[Records from a dataset]
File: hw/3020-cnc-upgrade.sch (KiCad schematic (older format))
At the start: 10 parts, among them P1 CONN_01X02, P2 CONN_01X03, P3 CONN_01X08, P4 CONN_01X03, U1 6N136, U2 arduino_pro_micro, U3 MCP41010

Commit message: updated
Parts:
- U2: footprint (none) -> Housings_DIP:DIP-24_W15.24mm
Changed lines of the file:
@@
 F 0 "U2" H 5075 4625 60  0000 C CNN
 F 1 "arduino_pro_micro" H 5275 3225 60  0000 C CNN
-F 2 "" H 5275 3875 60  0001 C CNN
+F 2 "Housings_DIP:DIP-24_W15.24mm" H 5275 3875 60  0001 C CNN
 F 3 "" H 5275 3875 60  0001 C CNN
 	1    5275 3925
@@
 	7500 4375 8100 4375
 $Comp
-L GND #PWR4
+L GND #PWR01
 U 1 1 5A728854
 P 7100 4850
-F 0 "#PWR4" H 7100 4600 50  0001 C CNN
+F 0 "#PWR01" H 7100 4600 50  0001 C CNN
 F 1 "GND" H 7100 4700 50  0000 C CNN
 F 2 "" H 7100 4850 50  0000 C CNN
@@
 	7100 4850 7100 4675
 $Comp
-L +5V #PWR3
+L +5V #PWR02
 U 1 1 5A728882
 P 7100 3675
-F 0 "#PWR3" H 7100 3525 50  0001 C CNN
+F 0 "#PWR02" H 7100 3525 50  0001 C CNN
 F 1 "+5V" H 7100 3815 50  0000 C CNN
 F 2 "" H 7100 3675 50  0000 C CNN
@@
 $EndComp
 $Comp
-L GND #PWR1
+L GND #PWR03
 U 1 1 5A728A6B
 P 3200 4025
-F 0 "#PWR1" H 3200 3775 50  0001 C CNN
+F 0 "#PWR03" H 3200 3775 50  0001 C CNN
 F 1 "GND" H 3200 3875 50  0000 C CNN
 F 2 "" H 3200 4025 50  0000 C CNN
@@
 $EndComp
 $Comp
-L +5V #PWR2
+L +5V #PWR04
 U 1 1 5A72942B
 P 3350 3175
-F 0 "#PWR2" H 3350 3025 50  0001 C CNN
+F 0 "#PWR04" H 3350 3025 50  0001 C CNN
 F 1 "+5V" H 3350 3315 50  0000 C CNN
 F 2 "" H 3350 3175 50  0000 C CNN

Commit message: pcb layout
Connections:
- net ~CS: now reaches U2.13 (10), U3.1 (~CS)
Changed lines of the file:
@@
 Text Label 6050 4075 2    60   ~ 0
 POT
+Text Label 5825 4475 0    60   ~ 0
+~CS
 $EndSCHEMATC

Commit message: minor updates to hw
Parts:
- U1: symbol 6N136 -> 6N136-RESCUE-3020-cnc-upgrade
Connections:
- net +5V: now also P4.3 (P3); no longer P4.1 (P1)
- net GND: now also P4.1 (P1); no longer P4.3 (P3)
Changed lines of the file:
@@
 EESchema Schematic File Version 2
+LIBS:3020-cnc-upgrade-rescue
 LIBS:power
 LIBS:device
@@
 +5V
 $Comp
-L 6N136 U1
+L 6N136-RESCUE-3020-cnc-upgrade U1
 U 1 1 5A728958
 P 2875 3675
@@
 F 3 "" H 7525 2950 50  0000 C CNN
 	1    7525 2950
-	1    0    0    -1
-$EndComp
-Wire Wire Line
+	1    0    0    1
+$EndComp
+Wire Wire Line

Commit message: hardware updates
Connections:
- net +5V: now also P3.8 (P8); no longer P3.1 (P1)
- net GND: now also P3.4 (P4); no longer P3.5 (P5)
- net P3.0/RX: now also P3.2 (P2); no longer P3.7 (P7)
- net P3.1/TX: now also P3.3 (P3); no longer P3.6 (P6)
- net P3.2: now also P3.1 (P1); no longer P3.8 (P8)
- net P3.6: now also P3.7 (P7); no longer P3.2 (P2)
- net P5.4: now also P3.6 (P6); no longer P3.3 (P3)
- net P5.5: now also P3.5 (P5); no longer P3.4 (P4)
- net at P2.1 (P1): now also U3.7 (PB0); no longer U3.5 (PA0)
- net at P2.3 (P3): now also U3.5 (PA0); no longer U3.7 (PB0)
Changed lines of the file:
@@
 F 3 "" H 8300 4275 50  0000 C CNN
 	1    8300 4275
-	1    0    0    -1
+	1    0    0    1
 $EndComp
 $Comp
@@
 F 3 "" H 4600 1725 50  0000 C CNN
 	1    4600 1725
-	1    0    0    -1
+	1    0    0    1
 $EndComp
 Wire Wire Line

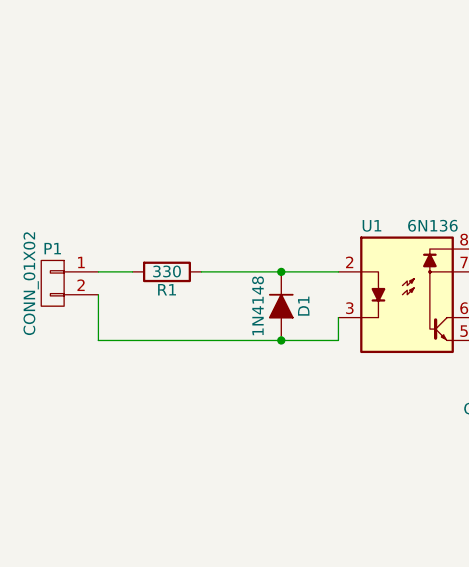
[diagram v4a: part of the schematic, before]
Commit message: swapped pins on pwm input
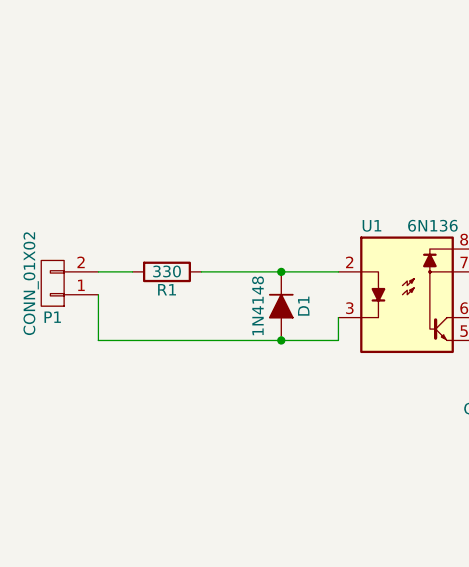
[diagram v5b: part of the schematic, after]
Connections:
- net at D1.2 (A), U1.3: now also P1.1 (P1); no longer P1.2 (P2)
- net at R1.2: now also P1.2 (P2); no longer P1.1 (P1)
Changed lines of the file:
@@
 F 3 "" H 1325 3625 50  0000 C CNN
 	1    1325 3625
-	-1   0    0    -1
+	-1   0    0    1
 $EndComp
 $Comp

# WORK REQUIRED
Please copy the lines above exactly as written, apart from any pictures.

# EXPECTED ANSWER
File: hw/3020-cnc-upgrade.sch (KiCad schematic (older format))
At the start: 10 parts, among them P1 CONN_01X02, P2 CONN_01X03, P3 CONN_01X08, P4 CONN_01X03, U1 6N136, U2 arduino_pro_micro, U3 MCP41010

Commit message: updated
Parts:
- U2: footprint (none) -> Housings_DIP:DIP-24_W15.24mm
Changed lines of the file:
@@
 F 0 "U2" H 5075 4625 60  0000 C CNN
 F 1 "arduino_pro_micro" H 5275 3225 60  0000 C CNN
-F 2 "" H 5275 3875 60  0001 C CNN
+F 2 "Housings_DIP:DIP-24_W15.24mm" H 5275 3875 60  0001 C CNN
 F 3 "" H 5275 3875 60  0001 C CNN
 	1    5275 3925
@@
 	7500 4375 8100 4375
 $Comp
-L GND #PWR4
+L GND #PWR01
 U 1 1 5A728854
 P 7100 4850
-F 0 "#PWR4" H 7100 4600 50  0001 C CNN
+F 0 "#PWR01" H 7100 4600 50  0001 C CNN
 F 1 "GND" H 7100 4700 50  0000 C CNN
 F 2 "" H 7100 4850 50  0000 C CNN
@@
 	7100 4850 7100 4675
 $Comp
-L +5V #PWR3
+L +5V #PWR02
 U 1 1 5A728882
 P 7100 3675
-F 0 "#PWR3" H 7100 3525 50  0001 C CNN
+F 0 "#PWR02" H 7100 3525 50  0001 C CNN
 F 1 "+5V" H 7100 3815 50  0000 C CNN
 F 2 "" H 7100 3675 50  0000 C CNN
@@
 $EndComp
 $Comp
-L GND #PWR1
+L GND #PWR03
 U 1 1 5A728A6B
 P 3200 4025
-F 0 "#PWR1" H 3200 3775 50  0001 C CNN
+F 0 "#PWR03" H 3200 3775 50  0001 C CNN
 F 1 "GND" H 3200 3875 50  0000 C CNN
 F 2 "" H 3200 4025 50  0000 C CNN
@@
 $EndComp
 $Comp
-L +5V #PWR2
+L +5V #PWR04
 U 1 1 5A72942B
 P 3350 3175
-F 0 "#PWR2" H 3350 3025 50  0001 C CNN
+F 0 "#PWR04" H 3350 3025 50  0001 C CNN
 F 1 "+5V" H 3350 3315 50  0000 C CNN
 F 2 "" H 3350 3175 50  0000 C CNN

Commit message: pcb layout
Connections:
- net ~CS: now reaches U2.13 (10), U3.1 (~CS)
Changed lines of the file:
@@
 Text Label 6050 4075 2    60   ~ 0
 POT
+Text Label 5825 4475 0    60   ~ 0
+~CS
 $EndSCHEMATC

Commit message: minor updates to hw
Parts:
- U1: symbol 6N136 -> 6N136-RESCUE-3020-cnc-upgrade
Connections:
- net +5V: now also P4.3 (P3); no longer P4.1 (P1)
- net GND: now also P4.1 (P1); no longer P4.3 (P3)
Changed lines of the file:
@@
 EESchema Schematic File Version 2
+LIBS:3020-cnc-upgrade-rescue
 LIBS:power
 LIBS:device
@@
 +5V
 $Comp
-L 6N136 U1
+L 6N136-RESCUE-3020-cnc-upgrade U1
 U 1 1 5A728958
 P 2875 3675
@@
 F 3 "" H 7525 2950 50  0000 C CNN
 	1    7525 2950
-	1    0    0    -1
-$EndComp
-Wire Wire Line
+	1    0    0    1
+$EndComp
+Wire Wire Line

Commit message: hardware updates
Connections:
- net +5V: now also P3.8 (P8); no longer P3.1 (P1)
- net GND: now also P3.4 (P4); no longer P3.5 (P5)
- net P3.0/RX: now also P3.2 (P2); no longer P3.7 (P7)
- net P3.1/TX: now also P3.3 (P3); no longer P3.6 (P6)
- net P3.2: now also P3.1 (P1); no longer P3.8 (P8)
- net P3.6: now also P3.7 (P7); no longer P3.2 (P2)
- net P5.4: now also P3.6 (P6); no longer P3.3 (P3)
- net P5.5: now also P3.5 (P5); no longer P3.4 (P4)
- net at P2.1 (P1): now also U3.7 (PB0); no longer U3.5 (PA0)
- net at P2.3 (P3): now also U3.5 (PA0); no longer U3.7 (PB0)
Changed lines of the file:
@@
 F 3 "" H 8300 4275 50  0000 C CNN
 	1    8300 4275
-	1    0    0    -1
+	1    0    0    1
 $EndComp
 $Comp
@@
 F 3 "" H 4600 1725 50  0000 C CNN
 	1    4600 1725
-	1    0    0    -1
+	1    0    0    1
 $EndComp
 Wire Wire Line

[diagram v4a: part of the schematic, before]
Commit message: swapped pins on pwm input
[diagram v5b: part of the schematic, after]
Connections:
- net at D1.2 (A), U1.3: now also P1.1 (P1); no longer P1.2 (P2)
- net at R1.2: now also P1.2 (P2); no longer P1.1 (P1)
Changed lines of the file:
@@
 F 3 "" H 1325 3625 50  0000 C CNN
 	1    1325 3625
-	-1   0    0    -1
+	-1   0    0    1
 $EndComp
 $Comp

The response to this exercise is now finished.